Capitolo Generale XXIX

LA MISTICA DELLA VITA CRISTIANA



1.- Motivazione


Riprendendo il tema capitolare “Appassionati di Gesù Cristo” vediamo che non si può raggiungere questo essere appassionati senza una esperienza di Dio che riempie di entusiasmo e di gioia la nostra vita. Ecco perché tutti i temi restanti delle riflessioni dei nostri Esercizi gireranno attorno ad una prospettiva, dalla quale cercheremo di contemplare alcune delle principali dimensioni della nostra vita cristiana e religiosa/salesiana: è la prospettiva della mistica.


È una parola assai ricca e affascinante, ma proprio per questo può intendersi in forme molto diverse, tra il massimalismo dell’esperienza mistica in senso stretto, e il minimalismo della “mistica sportiva”, o la “mistica del lavoro”, ecc. In un libro pubblicato dieci anni fa (2014) nella nostra Università Salesiana di Roma, troviamo interventi con titoli come questi: “Mistici nell’Educazione”, “Mistica e Corporeità”, “Mistici in Politica Oggi”, “Mistica ed Internet” … È innegabile non soltanto la diversità, ma persino la confusione.

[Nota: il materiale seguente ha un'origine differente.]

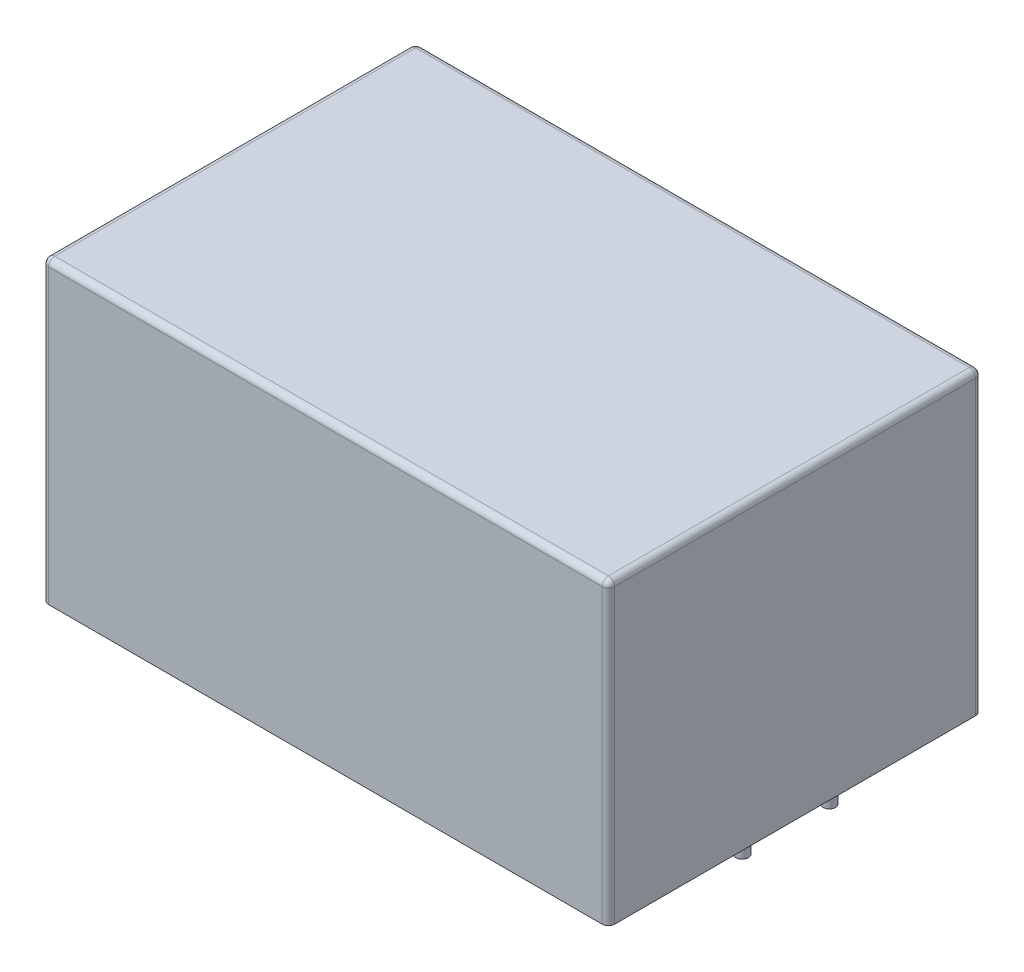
ISO-10303-21;
HEADER;
FILE_DESCRIPTION(('STEP AP214'),'2;1');
FILE_NAME('part.step','',(''),(''),'','','');
FILE_SCHEMA(('AUTOMOTIVE_DESIGN { 1 0 10303 214 1 1 1 1 }'));
ENDSEC;
DATA;
#1=APPLICATION_CONTEXT('core data for automotive mechanical design processes');
#2=APPLICATION_PROTOCOL_DEFINITION('international standard','automotive_design',2000,#1);
#3=PRODUCT_CONTEXT('',#1,'mechanical');
#4=PRODUCT('Part','Part','',(#3));
#5=PRODUCT_RELATED_PRODUCT_CATEGORY('part','',(#4));
#6=PRODUCT_DEFINITION_FORMATION('','',#4);
#7=PRODUCT_DEFINITION_CONTEXT('part definition',#1,'design');
#8=PRODUCT_DEFINITION('design','',#6,#7);
#9=PRODUCT_DEFINITION_SHAPE('','',#8);
#10=(LENGTH_UNIT() NAMED_UNIT(*) SI_UNIT(.MILLI.,.METRE.));
#11=(NAMED_UNIT(*) PLANE_ANGLE_UNIT() SI_UNIT($,.RADIAN.));
#12=(NAMED_UNIT(*) SI_UNIT($,.STERADIAN.) SOLID_ANGLE_UNIT());
#13=UNCERTAINTY_MEASURE_WITH_UNIT(LENGTH_MEASURE(1.E-05),#10,'distance_accuracy_value','');
#14=(GEOMETRIC_REPRESENTATION_CONTEXT(3) GLOBAL_UNCERTAINTY_ASSIGNED_CONTEXT((#13)) GLOBAL_UNIT_ASSIGNED_CONTEXT((#10,
#11,#12)) REPRESENTATION_CONTEXT('',''));
#15=CARTESIAN_POINT('',(0.,0.,0.));
#16=DIRECTION('',(0.,0.,1.));
#17=DIRECTION('',(1.,0.,0.));
#18=AXIS2_PLACEMENT_3D('',#15,#16,#17);
#19=CARTESIAN_POINT('',(-22.75,24.,-15.));
#20=DIRECTION('',(1.,0.,0.));
#21=DIRECTION('',(0.,0.,-1.));
#22=AXIS2_PLACEMENT_3D('',#19,#20,#21);
#23=PLANE('',#22);
#24=DIRECTION('',(0.,0.,1.));
#25=VECTOR('',#24,1.);
#26=CARTESIAN_POINT('',(-22.75,23.5,-15.));
#27=LINE('',#26,#25);
#28=CARTESIAN_POINT('',(-22.75,23.5,14.5));
#29=VERTEX_POINT('',#28);
#30=CARTESIAN_POINT('',(-22.75,23.5,-14.5));
#31=VERTEX_POINT('',#30);
#32=EDGE_CURVE('E51',#29,#31,#27,.F.);
#33=ORIENTED_EDGE('',*,*,#32,.T.);
#34=DIRECTION('',(0.,-1.,0.));
#35=VECTOR('',#34,1.);
#36=CARTESIAN_POINT('',(-22.75,24.,-14.5));
#37=LINE('',#36,#35);
#38=CARTESIAN_POINT('',(-22.75,0.,-14.5));
#39=VERTEX_POINT('',#38);
#40=EDGE_CURVE('E171',#31,#39,#37,.T.);
#41=ORIENTED_EDGE('',*,*,#40,.T.);
#42=DIRECTION('',(0.,0.,1.));
#43=VECTOR('',#42,1.);
#44=CARTESIAN_POINT('',(-22.75,0.,-15.));
#45=LINE('',#44,#43);
#46=CARTESIAN_POINT('',(-22.75,0.,14.5));
#47=VERTEX_POINT('',#46);
#48=EDGE_CURVE('E200',#39,#47,#45,.T.);
#49=ORIENTED_EDGE('',*,*,#48,.T.);
#50=DIRECTION('',(0.,-1.,0.));
#51=VECTOR('',#50,1.);
#52=CARTESIAN_POINT('',(-22.75,24.,14.5));
#53=LINE('',#52,#51);
#54=EDGE_CURVE('E56',#47,#29,#53,.F.);
#55=ORIENTED_EDGE('',*,*,#54,.T.);
#56=EDGE_LOOP('',(#33,#41,#49,#55));
#57=FACE_BOUND('',#56,.T.);
#58=ADVANCED_FACE('F34',(#57),#23,.F.);
#59=CARTESIAN_POINT('',(22.75,24.,15.));
#60=DIRECTION('',(0.,0.,-1.));
#61=DIRECTION('',(-1.,0.,0.));
#62=AXIS2_PLACEMENT_3D('',#59,#60,#61);
#63=PLANE('',#62);
#64=DIRECTION('',(1.,0.,0.));
#65=VECTOR('',#64,1.);
#66=CARTESIAN_POINT('',(22.75,23.5,15.));
#67=LINE('',#66,#65);
#68=CARTESIAN_POINT('',(22.25,23.5,15.));
#69=VERTEX_POINT('',#68);
#70=CARTESIAN_POINT('',(-22.25,23.5,15.));
#71=VERTEX_POINT('',#70);
#72=EDGE_CURVE('E165',#69,#71,#67,.F.);
#73=ORIENTED_EDGE('',*,*,#72,.T.);
#74=DIRECTION('',(0.,-1.,0.));
#75=VECTOR('',#74,1.);
#76=CARTESIAN_POINT('',(-22.25,24.,15.));
#77=LINE('',#76,#75);
#78=CARTESIAN_POINT('',(-22.25,0.,15.));
#79=VERTEX_POINT('',#78);
#80=EDGE_CURVE('E167',#71,#79,#77,.T.);
#81=ORIENTED_EDGE('',*,*,#80,.T.);
#82=DIRECTION('',(1.,0.,0.));
#83=VECTOR('',#82,1.);
#84=CARTESIAN_POINT('',(22.75,0.,15.));
#85=LINE('',#84,#83);
#86=CARTESIAN_POINT('',(22.25,0.,15.));
#87=VERTEX_POINT('',#86);
#88=EDGE_CURVE('E202',#79,#87,#85,.T.);
#89=ORIENTED_EDGE('',*,*,#88,.T.);
#90=DIRECTION('',(0.,-1.,0.));
#91=VECTOR('',#90,1.);
#92=CARTESIAN_POINT('',(22.25,24.,15.));
#93=LINE('',#92,#91);
#94=EDGE_CURVE('E163',#87,#69,#93,.F.);
#95=ORIENTED_EDGE('',*,*,#94,.T.);
#96=EDGE_LOOP('',(#73,#81,#89,#95));
#97=FACE_BOUND('',#96,.T.);
#98=ADVANCED_FACE('F257',(#97),#63,.F.);
#99=CARTESIAN_POINT('',(22.75,24.,-15.));
#100=DIRECTION('',(-1.,0.,0.));
#101=DIRECTION('',(0.,0.,1.));
#102=AXIS2_PLACEMENT_3D('',#99,#100,#101);
#103=PLANE('',#102);
#104=DIRECTION('',(0.,0.,-1.));
#105=VECTOR('',#104,1.);
#106=CARTESIAN_POINT('',(22.75,0.,-15.));
#107=LINE('',#106,#105);
#108=CARTESIAN_POINT('',(22.75,0.,14.5));
#109=VERTEX_POINT('',#108);
#110=CARTESIAN_POINT('',(22.75,0.,-14.5));
#111=VERTEX_POINT('',#110);
#112=EDGE_CURVE('E206',#109,#111,#107,.T.);
#113=ORIENTED_EDGE('',*,*,#112,.T.);
#114=DIRECTION('',(0.,-1.,0.));
#115=VECTOR('',#114,1.);
#116=CARTESIAN_POINT('',(22.75,24.,-14.5));
#117=LINE('',#116,#115);
#118=CARTESIAN_POINT('',(22.75,23.5,-14.5));
#119=VERTEX_POINT('',#118);
#120=EDGE_CURVE('E161',#111,#119,#117,.F.);
#121=ORIENTED_EDGE('',*,*,#120,.T.);
#122=DIRECTION('',(0.,0.,-1.));
#123=VECTOR('',#122,1.);
#124=CARTESIAN_POINT('',(22.75,23.5,-15.));
#125=LINE('',#124,#123);
#126=CARTESIAN_POINT('',(22.75,23.5,14.5));
#127=VERTEX_POINT('',#126);
#128=EDGE_CURVE('E159',#119,#127,#125,.F.);
#129=ORIENTED_EDGE('',*,*,#128,.T.);
#130=DIRECTION('',(0.,-1.,0.));
#131=VECTOR('',#130,1.);
#132=CARTESIAN_POINT('',(22.75,24.,14.5));
#133=LINE('',#132,#131);
#134=EDGE_CURVE('E157',#127,#109,#133,.T.);
#135=ORIENTED_EDGE('',*,*,#134,.T.);
#136=EDGE_LOOP('',(#113,#121,#129,#135));
#137=FACE_BOUND('',#136,.T.);
#138=ADVANCED_FACE('F262',(#137),#103,.F.);
#139=CARTESIAN_POINT('',(22.75,24.,-15.));
#140=DIRECTION('',(0.,0.,1.));
#141=DIRECTION('',(1.,0.,0.));
#142=AXIS2_PLACEMENT_3D('',#139,#140,#141);
#143=PLANE('',#142);
#144=DIRECTION('',(-1.,0.,0.));
#145=VECTOR('',#144,1.);
#146=CARTESIAN_POINT('',(22.75,23.5,-15.));
#147=LINE('',#146,#145);
#148=CARTESIAN_POINT('',(-22.25,23.5,-15.));
#149=VERTEX_POINT('',#148);
#150=CARTESIAN_POINT('',(22.25,23.5,-15.));
#151=VERTEX_POINT('',#150);
#152=EDGE_CURVE('E119',#149,#151,#147,.F.);
#153=ORIENTED_EDGE('',*,*,#152,.T.);
#154=DIRECTION('',(0.,-1.,0.));
#155=VECTOR('',#154,1.);
#156=CARTESIAN_POINT('',(22.25,24.,-15.));
#157=LINE('',#156,#155);
#158=CARTESIAN_POINT('',(22.25,0.,-15.));
#159=VERTEX_POINT('',#158);
#160=EDGE_CURVE('E155',#151,#159,#157,.T.);
#161=ORIENTED_EDGE('',*,*,#160,.T.);
#162=DIRECTION('',(-1.,0.,0.));
#163=VECTOR('',#162,1.);
#164=CARTESIAN_POINT('',(22.75,0.,-15.));
#165=LINE('',#164,#163);
#166=CARTESIAN_POINT('',(-22.25,0.,-15.));
#167=VERTEX_POINT('',#166);
#168=EDGE_CURVE('E142',#159,#167,#165,.T.);
#169=ORIENTED_EDGE('',*,*,#168,.T.);
#170=DIRECTION('',(0.,-1.,0.));
#171=VECTOR('',#170,1.);
#172=CARTESIAN_POINT('',(-22.25,24.,-15.));
#173=LINE('',#172,#171);
#174=EDGE_CURVE('E148',#167,#149,#173,.F.);
#175=ORIENTED_EDGE('',*,*,#174,.T.);
#176=EDGE_LOOP('',(#153,#161,#169,#175));
#177=FACE_BOUND('',#176,.T.);
#178=ADVANCED_FACE('F234',(#177),#143,.F.);
#179=CARTESIAN_POINT('',(0.,24.,0.));
#180=DIRECTION('',(0.,-1.,0.));
#181=DIRECTION('',(0.,0.,-1.));
#182=AXIS2_PLACEMENT_3D('',#179,#180,#181);
#183=PLANE('',#182);
#184=DIRECTION('',(0.,0.,-1.));
#185=VECTOR('',#184,1.);
#186=CARTESIAN_POINT('',(22.25,24.,0.));
#187=LINE('',#186,#185);
#188=CARTESIAN_POINT('',(22.25,24.,14.5));
#189=VERTEX_POINT('',#188);
#190=CARTESIAN_POINT('',(22.25,24.,-14.5));
#191=VERTEX_POINT('',#190);
#192=EDGE_CURVE('E146',#189,#191,#187,.T.);
#193=ORIENTED_EDGE('',*,*,#192,.T.);
#194=DIRECTION('',(-1.,0.,0.));
#195=VECTOR('',#194,1.);
#196=CARTESIAN_POINT('',(0.,24.,-14.5));
#197=LINE('',#196,#195);
#198=CARTESIAN_POINT('',(-22.25,24.,-14.5));
#199=VERTEX_POINT('',#198);
#200=EDGE_CURVE('E117',#191,#199,#197,.T.);
#201=ORIENTED_EDGE('',*,*,#200,.T.);
#202=DIRECTION('',(0.,0.,1.));
#203=VECTOR('',#202,1.);
#204=CARTESIAN_POINT('',(-22.25,24.,0.));
#205=LINE('',#204,#203);
#206=CARTESIAN_POINT('',(-22.25,24.,14.5));
#207=VERTEX_POINT('',#206);
#208=EDGE_CURVE('E135',#199,#207,#205,.T.);
#209=ORIENTED_EDGE('',*,*,#208,.T.);
#210=DIRECTION('',(1.,0.,0.));
#211=VECTOR('',#210,1.);
#212=CARTESIAN_POINT('',(0.,24.,14.5));
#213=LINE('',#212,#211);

Cercando di focalizzare quel che vogliamo indicare con questa parola, più che “definirla” vorrei sottolineare due elementi essenziali: in primo luogo, si riferisce in qualche maniera alla nostra esperienza di Dio; più in concreto, il Dio di Gesù Cristo, il Dio che è Amore, Padre, Figlio e Spirito Santo. In secondo luogo, accentua il carattere “entusiasmante” di questa esperienza, che riempie il cuore di gioia e di senso; più ancora: ci riempie di Dio stesso, che è il senso etimologico della parola “entusiasmo”. D’altra parte, è il corrispondente dell’aspetto ascetico della vita.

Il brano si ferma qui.